■ **YOUR GOAL**
From the records below, transcribe exactly the lines that begin at the line with "fillet1_edges = [part.edges().sort_by_distance(p)[0]" and end at the line with "(5.689711939, 8.679147436), align=None)", both included.

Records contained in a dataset

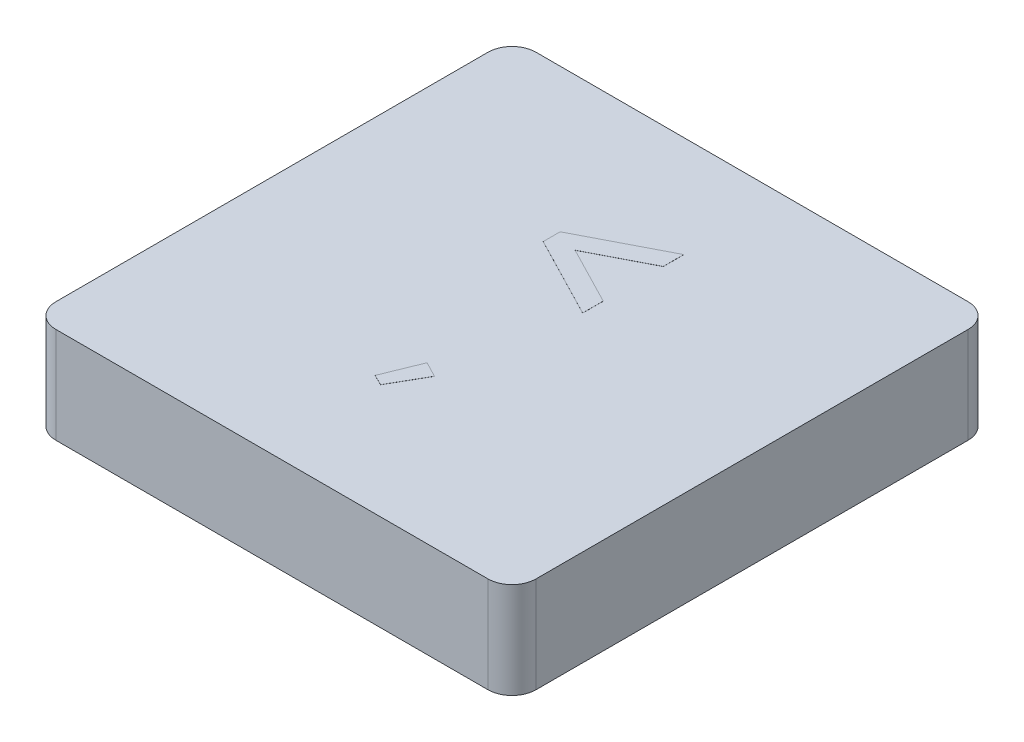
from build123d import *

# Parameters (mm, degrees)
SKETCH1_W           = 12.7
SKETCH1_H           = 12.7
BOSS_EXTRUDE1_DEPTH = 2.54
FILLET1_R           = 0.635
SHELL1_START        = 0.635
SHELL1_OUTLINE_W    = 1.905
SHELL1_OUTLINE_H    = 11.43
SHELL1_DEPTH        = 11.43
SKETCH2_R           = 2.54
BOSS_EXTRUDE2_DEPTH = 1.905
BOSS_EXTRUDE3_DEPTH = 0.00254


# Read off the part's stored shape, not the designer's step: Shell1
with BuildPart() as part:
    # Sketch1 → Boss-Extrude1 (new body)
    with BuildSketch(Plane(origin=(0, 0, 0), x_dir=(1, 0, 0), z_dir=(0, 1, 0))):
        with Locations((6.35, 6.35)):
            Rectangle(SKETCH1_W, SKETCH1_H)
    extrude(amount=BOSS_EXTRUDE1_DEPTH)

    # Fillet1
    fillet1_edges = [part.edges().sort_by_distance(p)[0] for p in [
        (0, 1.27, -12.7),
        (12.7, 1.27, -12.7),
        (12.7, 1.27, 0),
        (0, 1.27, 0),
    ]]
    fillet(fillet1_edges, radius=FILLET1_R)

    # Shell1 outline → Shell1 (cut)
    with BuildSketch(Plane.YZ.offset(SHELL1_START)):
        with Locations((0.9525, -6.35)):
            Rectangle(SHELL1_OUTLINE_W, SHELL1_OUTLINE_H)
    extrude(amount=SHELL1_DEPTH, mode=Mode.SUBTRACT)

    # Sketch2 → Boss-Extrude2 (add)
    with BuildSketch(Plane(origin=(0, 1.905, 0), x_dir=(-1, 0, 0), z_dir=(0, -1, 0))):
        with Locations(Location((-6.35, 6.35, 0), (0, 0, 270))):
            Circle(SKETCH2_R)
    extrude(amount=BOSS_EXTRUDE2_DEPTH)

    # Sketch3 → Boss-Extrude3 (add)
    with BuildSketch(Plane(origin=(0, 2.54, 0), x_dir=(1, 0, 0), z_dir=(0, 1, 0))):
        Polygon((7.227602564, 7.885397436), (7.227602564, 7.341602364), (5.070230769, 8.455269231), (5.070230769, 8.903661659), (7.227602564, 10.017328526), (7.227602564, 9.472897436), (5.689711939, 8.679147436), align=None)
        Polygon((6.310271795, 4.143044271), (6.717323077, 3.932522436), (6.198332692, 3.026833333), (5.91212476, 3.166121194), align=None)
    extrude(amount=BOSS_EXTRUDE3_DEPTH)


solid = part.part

■ **RESPONSE TO THIS TASK**
    fillet1_edges = [part.edges().sort_by_distance(p)[0] for p in [
        (0, 1.27, -12.7),
        (12.7, 1.27, -12.7),
        (12.7, 1.27, 0),
        (0, 1.27, 0),
    ]]
    fillet(fillet1_edges, radius=FILLET1_R)

    # Shell1 outline → Shell1 (cut)
    with BuildSketch(Plane.YZ.offset(SHELL1_START)):
        with Locations((0.9525, -6.35)):
            Rectangle(SHELL1_OUTLINE_W, SHELL1_OUTLINE_H)
    extrude(amount=SHELL1_DEPTH, mode=Mode.SUBTRACT)

    # Sketch2 → Boss-Extrude2 (add)
    with BuildSketch(Plane(origin=(0, 1.905, 0), x_dir=(-1, 0, 0), z_dir=(0, -1, 0))):
        with Locations(Location((-6.35, 6.35, 0), (0, 0, 270))):
            Circle(SKETCH2_R)
    extrude(amount=BOSS_EXTRUDE2_DEPTH)

    # Sketch3 → Boss-Extrude3 (add)
    with BuildSketch(Plane(origin=(0, 2.54, 0), x_dir=(1, 0, 0), z_dir=(0, 1, 0))):
        Polygon((7.227602564, 7.885397436), (7.227602564, 7.341602364), (5.070230769, 8.455269231), (5.070230769, 8.903661659), (7.227602564, 10.017328526), (7.227602564, 9.472897436), (5.689711939, 8.679147436), align=None)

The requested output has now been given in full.